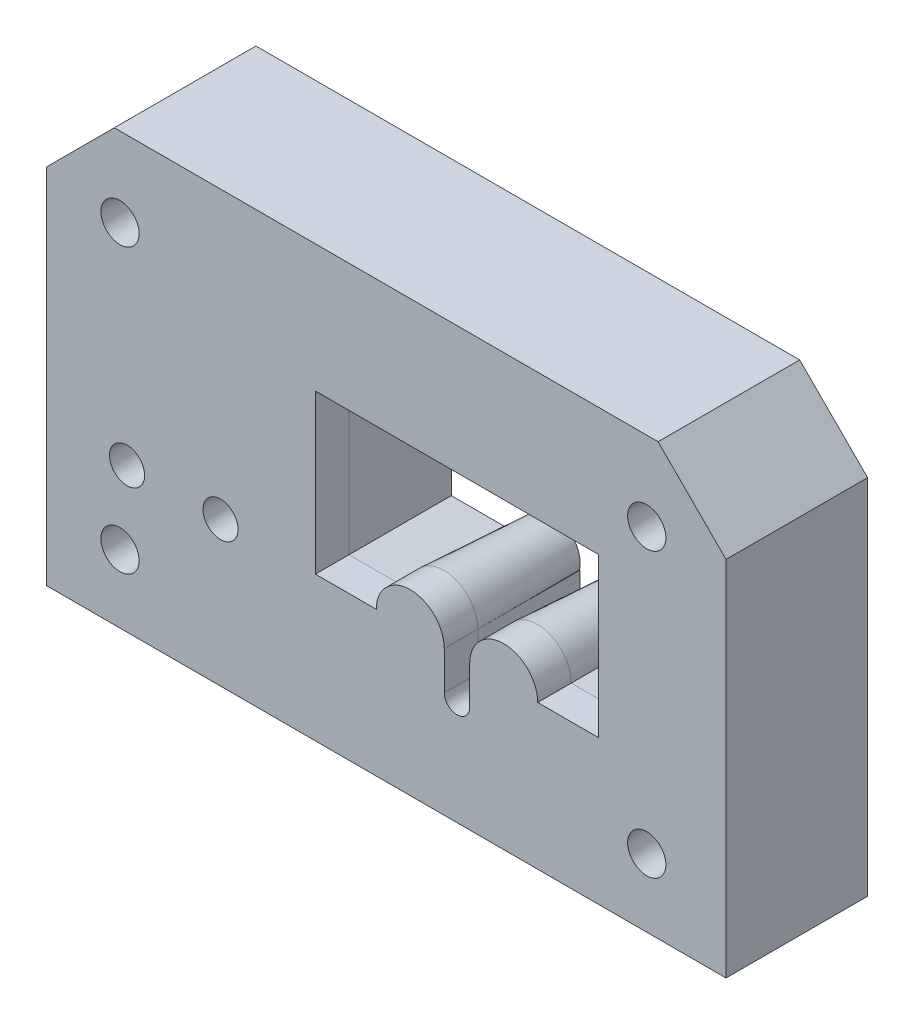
ISO-10303-21;
HEADER;
FILE_DESCRIPTION(('STEP AP214'),'2;1');
FILE_NAME('part.step','',(''),(''),'','','');
FILE_SCHEMA(('AUTOMOTIVE_DESIGN { 1 0 10303 214 1 1 1 1 }'));
ENDSEC;
DATA;
#1=APPLICATION_CONTEXT('core data for automotive mechanical design processes');
#2=APPLICATION_PROTOCOL_DEFINITION('international standard','automotive_design',2000,#1);
#3=PRODUCT_CONTEXT('',#1,'mechanical');
#4=PRODUCT('Part','Part','',(#3));
#5=PRODUCT_RELATED_PRODUCT_CATEGORY('part','',(#4));
#6=PRODUCT_DEFINITION_FORMATION('','',#4);
#7=PRODUCT_DEFINITION_CONTEXT('part definition',#1,'design');
#8=PRODUCT_DEFINITION('design','',#6,#7);
#9=PRODUCT_DEFINITION_SHAPE('','',#8);
#10=(LENGTH_UNIT() NAMED_UNIT(*) SI_UNIT(.MILLI.,.METRE.));
#11=(NAMED_UNIT(*) PLANE_ANGLE_UNIT() SI_UNIT($,.RADIAN.));
#12=(NAMED_UNIT(*) SI_UNIT($,.STERADIAN.) SOLID_ANGLE_UNIT());
#13=UNCERTAINTY_MEASURE_WITH_UNIT(LENGTH_MEASURE(1.E-05),#10,'distance_accuracy_value','');
#14=(GEOMETRIC_REPRESENTATION_CONTEXT(3) GLOBAL_UNCERTAINTY_ASSIGNED_CONTEXT((#13)) GLOBAL_UNIT_ASSIGNED_CONTEXT((#10,
#11,#12)) REPRESENTATION_CONTEXT('',''));
#15=CARTESIAN_POINT('',(0.,0.,0.));
#16=DIRECTION('',(0.,0.,1.));
#17=DIRECTION('',(1.,0.,0.));
#18=AXIS2_PLACEMENT_3D('',#15,#16,#17);
#19=CARTESIAN_POINT('',(280.851020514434,147.5,0.));
#20=DIRECTION('',(0.,-0.998629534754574,0.0523359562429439));
#21=DIRECTION('',(0.,-0.052335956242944,-0.998629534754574));
#22=AXIS2_PLACEMENT_3D('',#19,#20,#21);
#23=PLANE('',#22);
#24=DIRECTION('',(-1.,0.,0.));
#25=VECTOR('',#24,1.);
#26=CARTESIAN_POINT('',(280.851020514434,147.5,0.));
#27=LINE('',#26,#25);
#28=CARTESIAN_POINT('',(280.851020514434,147.5,0.));
#29=VERTEX_POINT('',#28);
#30=CARTESIAN_POINT('',(280.75,147.5,0.));
#31=VERTEX_POINT('',#30);
#32=EDGE_CURVE('E282',#29,#31,#27,.T.);
#33=ORIENTED_EDGE('',*,*,#32,.T.);
#34=DIRECTION('',(-0.0522644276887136,0.0522644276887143,0.997264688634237));
#35=VECTOR('',#34,1.);
#36=CARTESIAN_POINT('',(280.750275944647,147.499724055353,-0.00526533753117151));
#37=LINE('',#36,#35);
#38=CARTESIAN_POINT('',(279.75,148.5,19.0811366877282));
#39=VERTEX_POINT('',#38);
#40=EDGE_CURVE('E554',#31,#39,#37,.T.);
#41=ORIENTED_EDGE('',*,*,#40,.T.);
#42=CARTESIAN_POINT('',(279.44743434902,148.810194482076,25.));
#43=CARTESIAN_POINT('',(279.546936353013,148.705714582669,23.0064047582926));
#44=CARTESIAN_POINT('',(279.648714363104,148.601240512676,21.0129207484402));
#45=CARTESIAN_POINT('',(279.85773827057,148.392308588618,17.026262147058));
#46=CARTESIAN_POINT('',(279.964984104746,148.287850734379,15.0330875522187));
#47=CARTESIAN_POINT('',(280.195883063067,148.069475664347,10.8662429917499));
#48=CARTESIAN_POINT('',(280.320141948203,147.955560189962,8.69260625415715));
#49=CARTESIAN_POINT('',(280.51352756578,147.784707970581,5.43255170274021));
#50=CARTESIAN_POINT('',(280.579156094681,147.727760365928,4.34592667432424));
#51=CARTESIAN_POINT('',(280.713042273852,147.613873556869,2.17283690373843));
#52=CARTESIAN_POINT('',(280.781299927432,147.556934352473,1.08637216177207));
#53=CARTESIAN_POINT('',(280.851020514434,147.5,0.));
#54=B_SPLINE_CURVE_WITH_KNOTS('',3,(#42,#43,#44,#45,#46,#47,#48,#49,#50,#51,#52,#53),
.UNSPECIFIED.,.F.,.F.,(4,2,2,2,2,4),(0.,5.99642941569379,11.9927895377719,18.5332620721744,
21.8035401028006,25.0738222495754),.UNSPECIFIED.);
#55=EDGE_CURVE('E294',#39,#29,#54,.T.);
#56=ORIENTED_EDGE('',*,*,#55,.T.);
#57=EDGE_LOOP('',(#33,#41,#56));
#58=FACE_BOUND('',#57,.T.);
#59=ADVANCED_FACE('F45',(#58),#23,.F.);
#60=CARTESIAN_POINT('',(205.,123.,25.));
#61=DIRECTION('',(0.,0.,-1.));
#62=DIRECTION('',(-1.,0.,0.));
#63=AXIS2_PLACEMENT_3D('',#60,#61,#62);
#64=PLANE('',#63);
#65=CARTESIAN_POINT('',(218.,185.,25.));
#66=DIRECTION('',(0.,0.,-1.));
#67=DIRECTION('',(-1.,0.,0.));
#68=AXIS2_PLACEMENT_3D('',#65,#66,#67);
#69=CIRCLE('',#68,3.37500000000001);
#70=CARTESIAN_POINT('',(214.625,185.,25.));
#71=VERTEX_POINT('',#70);
#72=EDGE_CURVE('E240',#71,#71,#69,.T.);
#73=ORIENTED_EDGE('',*,*,#72,.T.);
#74=EDGE_LOOP('',(#73));
#75=FACE_BOUND('',#74,.T.);
#76=CARTESIAN_POINT('',(218.,135.,25.));
#77=DIRECTION('',(0.,0.,-1.));
#78=DIRECTION('',(-1.,0.,0.));
#79=AXIS2_PLACEMENT_3D('',#76,#77,#78);
#80=CIRCLE('',#79,3.37500000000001);
#81=CARTESIAN_POINT('',(214.625,135.,25.));
#82=VERTEX_POINT('',#81);
#83=EDGE_CURVE('E246',#82,#82,#80,.T.);
#84=ORIENTED_EDGE('',*,*,#83,.T.);
#85=EDGE_LOOP('',(#84));
#86=FACE_BOUND('',#85,.T.);
#87=CARTESIAN_POINT('',(311.,185.,25.));
#88=DIRECTION('',(0.,0.,-1.));
#89=DIRECTION('',(-1.,0.,0.));
#90=AXIS2_PLACEMENT_3D('',#87,#88,#89);
#91=CIRCLE('',#90,3.37500000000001);
#92=CARTESIAN_POINT('',(307.625,185.,25.));
#93=VERTEX_POINT('',#92);
#94=EDGE_CURVE('E252',#93,#93,#91,.T.);
#95=ORIENTED_EDGE('',*,*,#94,.T.);
#96=EDGE_LOOP('',(#95));
#97=FACE_BOUND('',#96,.T.);
#98=CARTESIAN_POINT('',(311.,135.,25.));
#99=DIRECTION('',(0.,0.,-1.));
#100=DIRECTION('',(-1.,0.,0.));
#101=AXIS2_PLACEMENT_3D('',#98,#99,#100);
#102=CIRCLE('',#101,3.37500000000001);
#103=CARTESIAN_POINT('',(307.625,135.,25.));
#104=VERTEX_POINT('',#103);
#105=EDGE_CURVE('E258',#104,#104,#102,.T.);
#106=ORIENTED_EDGE('',*,*,#105,.T.);
#107=EDGE_LOOP('',(#106));
#108=FACE_BOUND('',#107,.T.);
#109=CARTESIAN_POINT('',(219.25,148.5,25.));
#110=DIRECTION('',(0.,0.,1.));
#111=DIRECTION('',(1.,0.,0.));
#112=AXIS2_PLACEMENT_3D('',#109,#110,#111);
#113=CIRCLE('',#112,3.09999999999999);
#114=CARTESIAN_POINT('',(222.35,148.5,25.));
#115=VERTEX_POINT('',#114);
#116=EDGE_CURVE('E355',#115,#115,#113,.T.);
#117=ORIENTED_EDGE('',*,*,#116,.F.);
#118=EDGE_LOOP('',(#117));
#119=FACE_BOUND('',#118,.T.);
#120=DIRECTION('',(-1.,0.,0.));
#121=VECTOR('',#120,1.);
#122=CARTESIAN_POINT('',(325.,199.,25.));
#123=LINE('',#122,#121);
#124=CARTESIAN_POINT('',(313.,199.,25.));
#125=VERTEX_POINT('',#124);
#126=CARTESIAN_POINT('',(217.,199.,25.));
#127=VERTEX_POINT('',#126);
#128=EDGE_CURVE('E415',#125,#127,#123,.T.);
#129=ORIENTED_EDGE('',*,*,#128,.T.);
#130=DIRECTION('',(0.707106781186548,0.707106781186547,0.));
#131=VECTOR('',#130,1.);
#132=CARTESIAN_POINT('',(205.,187.,25.));
#133=LINE('',#132,#131);
#134=CARTESIAN_POINT('',(205.,187.,25.));
#135=VERTEX_POINT('',#134);
#136=EDGE_CURVE('E440',#127,#135,#133,.F.);
#137=ORIENTED_EDGE('',*,*,#136,.T.);
#138=DIRECTION('',(0.,-1.,0.));
#139=VECTOR('',#138,1.);
#140=CARTESIAN_POINT('',(205.,123.,25.));
#141=LINE('',#140,#139);
#142=CARTESIAN_POINT('',(205.,123.,25.));
#143=VERTEX_POINT('',#142);
#144=EDGE_CURVE('E418',#135,#143,#141,.T.);
#145=ORIENTED_EDGE('',*,*,#144,.T.);
#146=DIRECTION('',(1.,0.,0.));
#147=VECTOR('',#146,1.);
#148=CARTESIAN_POINT('',(325.,123.,25.));
#149=LINE('',#148,#147);
#150=CARTESIAN_POINT('',(325.,123.,25.));
#151=VERTEX_POINT('',#150);
#152=EDGE_CURVE('E409',#143,#151,#149,.T.);
#153=ORIENTED_EDGE('',*,*,#152,.T.);
#154=DIRECTION('',(0.,1.,0.));
#155=VECTOR('',#154,1.);
#156=CARTESIAN_POINT('',(325.,123.,25.));
#157=LINE('',#156,#155);
#158=CARTESIAN_POINT('',(325.,187.,25.));
#159=VERTEX_POINT('',#158);
#160=EDGE_CURVE('E412',#151,#159,#157,.T.);
#161=ORIENTED_EDGE('',*,*,#160,.T.);
#162=DIRECTION('',(0.707106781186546,-0.707106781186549,0.));
#163=VECTOR('',#162,1.);
#164=CARTESIAN_POINT('',(313.,199.,25.));
#165=LINE('',#164,#163);
#166=EDGE_CURVE('E438',#159,#125,#165,.F.);
#167=ORIENTED_EDGE('',*,*,#166,.T.);
#168=EDGE_LOOP('',(#129,#137,#145,#153,#161,#167));
#169=FACE_BOUND('',#168,.T.);
#170=CARTESIAN_POINT('',(277.5,141.75,25.));
#171=DIRECTION('',(0.,0.,1.));
#172=DIRECTION('',(1.,0.,0.));
#173=AXIS2_PLACEMENT_3D('',#170,#171,#172);
#174=CIRCLE('',#173,2.24999999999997);
#175=CARTESIAN_POINT('',(275.25,141.75,25.));
#176=VERTEX_POINT('',#175);
#177=CARTESIAN_POINT('',(279.75,141.75,25.));
#178=VERTEX_POINT('',#177);
#179=EDGE_CURVE('E553',#176,#178,#174,.T.);
#180=ORIENTED_EDGE('',*,*,#179,.F.);
#181=DIRECTION('',(0.,-1.,0.));
#182=VECTOR('',#181,1.);
#183=CARTESIAN_POINT('',(275.25,148.5,25.));
#184=LINE('',#183,#182);
#185=CARTESIAN_POINT('',(275.25,148.5,25.));
#186=VERTEX_POINT('',#185);
#187=EDGE_CURVE('E223',#186,#176,#184,.T.);
#188=ORIENTED_EDGE('',*,*,#187,.F.);
#189=CARTESIAN_POINT('',(269.25,148.5,25.));
#190=DIRECTION('',(0.,0.,-1.));
#191=DIRECTION('',(1.,0.,0.));
#192=AXIS2_PLACEMENT_3D('',#189,#190,#191);
#193=CIRCLE('',#192,6.00000000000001);
#194=CARTESIAN_POINT('',(263.25,148.5,25.));
#195=VERTEX_POINT('',#194);
#196=EDGE_CURVE('E358',#195,#186,#193,.T.);
#197=ORIENTED_EDGE('',*,*,#196,.F.);
#198=DIRECTION('',(1.,0.,0.));
#199=VECTOR('',#198,1.);
#200=CARTESIAN_POINT('',(263.25,148.5,25.));
#201=LINE('',#200,#199);
#202=CARTESIAN_POINT('',(252.5,148.5,25.));
#203=VERTEX_POINT('',#202);
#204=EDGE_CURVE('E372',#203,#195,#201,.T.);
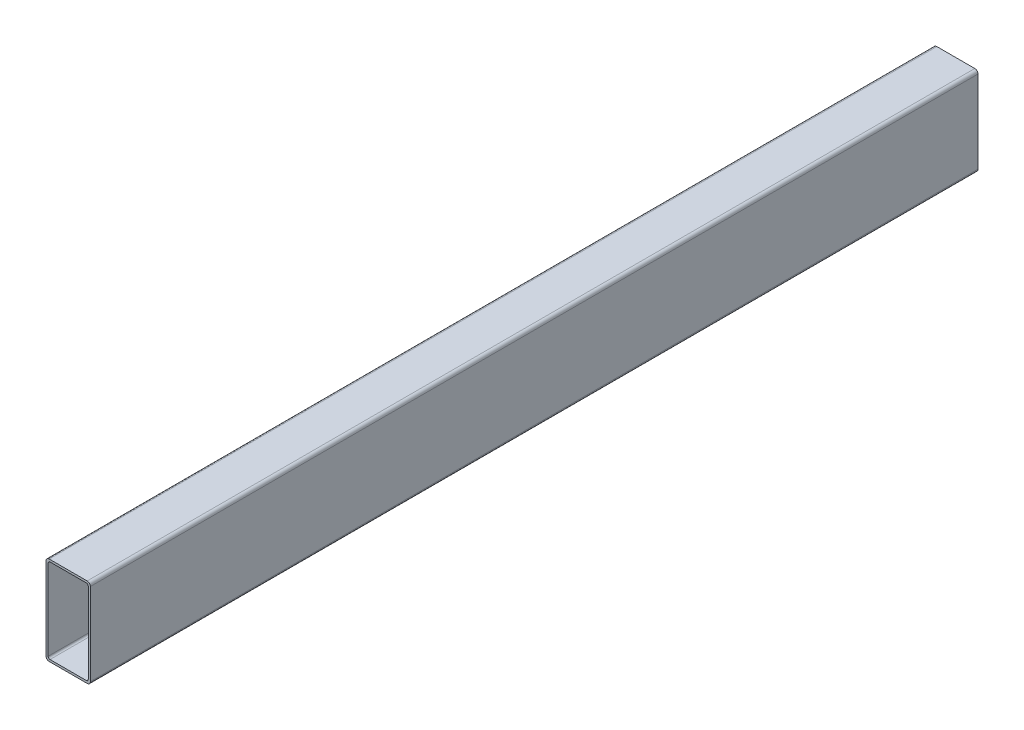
from build123d import *

# Parameters (mm, degrees)
EXTRUDE_1_DEPTH = 500


with BuildPart() as part:
    # Sketch 1 → Extrude 1 (new body)
    with BuildSketch(Plane.XY):
        with BuildLine():
            Line((-10.704, 25), (10.704, 25))
            ThreePointArc((10.704, 25), (11.973963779, 24.473963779), (12.5, 23.204))
            Line((12.5, 23.204), (12.5, -23.204))
            ThreePointArc((12.5, -23.204), (11.973963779, -24.473963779), (10.704, -25))
            Line((10.704, -25), (-10.704, -25))
            ThreePointArc((-10.704, -25), (-11.973963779, -24.473963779), (-12.5, -23.204))
            Line((-12.5, -23.204), (-12.5, 23.204))
            ThreePointArc((-12.5, 23.204), (-11.973963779, 24.473963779), (-10.704, 25))
        make_face()
        with BuildLine():
            Line((-10.252, 23.8), (10.252, 23.8))
            ThreePointArc((10.252, 23.8), (10.993047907, 23.493047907), (11.3, 22.752))
            Line((11.3, 22.752), (11.3, -22.752))
            ThreePointArc((11.3, -22.752), (10.993047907, -23.493047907), (10.252, -23.8))
            Line((10.252, -23.8), (-10.252, -23.8))
            ThreePointArc((-10.252, -23.8), (-10.993047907, -23.493047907), (-11.3, -22.752))
            Line((-11.3, -22.752), (-11.3, 22.752))
            ThreePointArc((-11.3, 22.752), (-10.993047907, 23.493047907), (-10.252, 23.8))
        make_face(mode=Mode.SUBTRACT)
    extrude(amount=EXTRUDE_1_DEPTH)


solid = part.part

━━━━━━━━━━

Your answer should be the lines from the first record down to the line containing "#10=(LENGTH_UNIT() NAMED_UNIT(*) SI_UNIT(.MILLI.,.METRE.));", restated exactly, with no pictures.

ISO-10303-21;
HEADER;
FILE_DESCRIPTION(('STEP AP214'),'2;1');
FILE_NAME('part.step','',(''),(''),'','','');
FILE_SCHEMA(('AUTOMOTIVE_DESIGN { 1 0 10303 214 1 1 1 1 }'));
ENDSEC;
DATA;
#1=APPLICATION_CONTEXT('core data for automotive mechanical design processes');
#2=APPLICATION_PROTOCOL_DEFINITION('international standard','automotive_design',2000,#1);
#3=PRODUCT_CONTEXT('',#1,'mechanical');
#4=PRODUCT('Part','Part','',(#3));
#5=PRODUCT_RELATED_PRODUCT_CATEGORY('part','',(#4));
#6=PRODUCT_DEFINITION_FORMATION('','',#4);
#7=PRODUCT_DEFINITION_CONTEXT('part definition',#1,'design');
#8=PRODUCT_DEFINITION('design','',#6,#7);
#9=PRODUCT_DEFINITION_SHAPE('','',#8);
#10=(LENGTH_UNIT() NAMED_UNIT(*) SI_UNIT(.MILLI.,.METRE.));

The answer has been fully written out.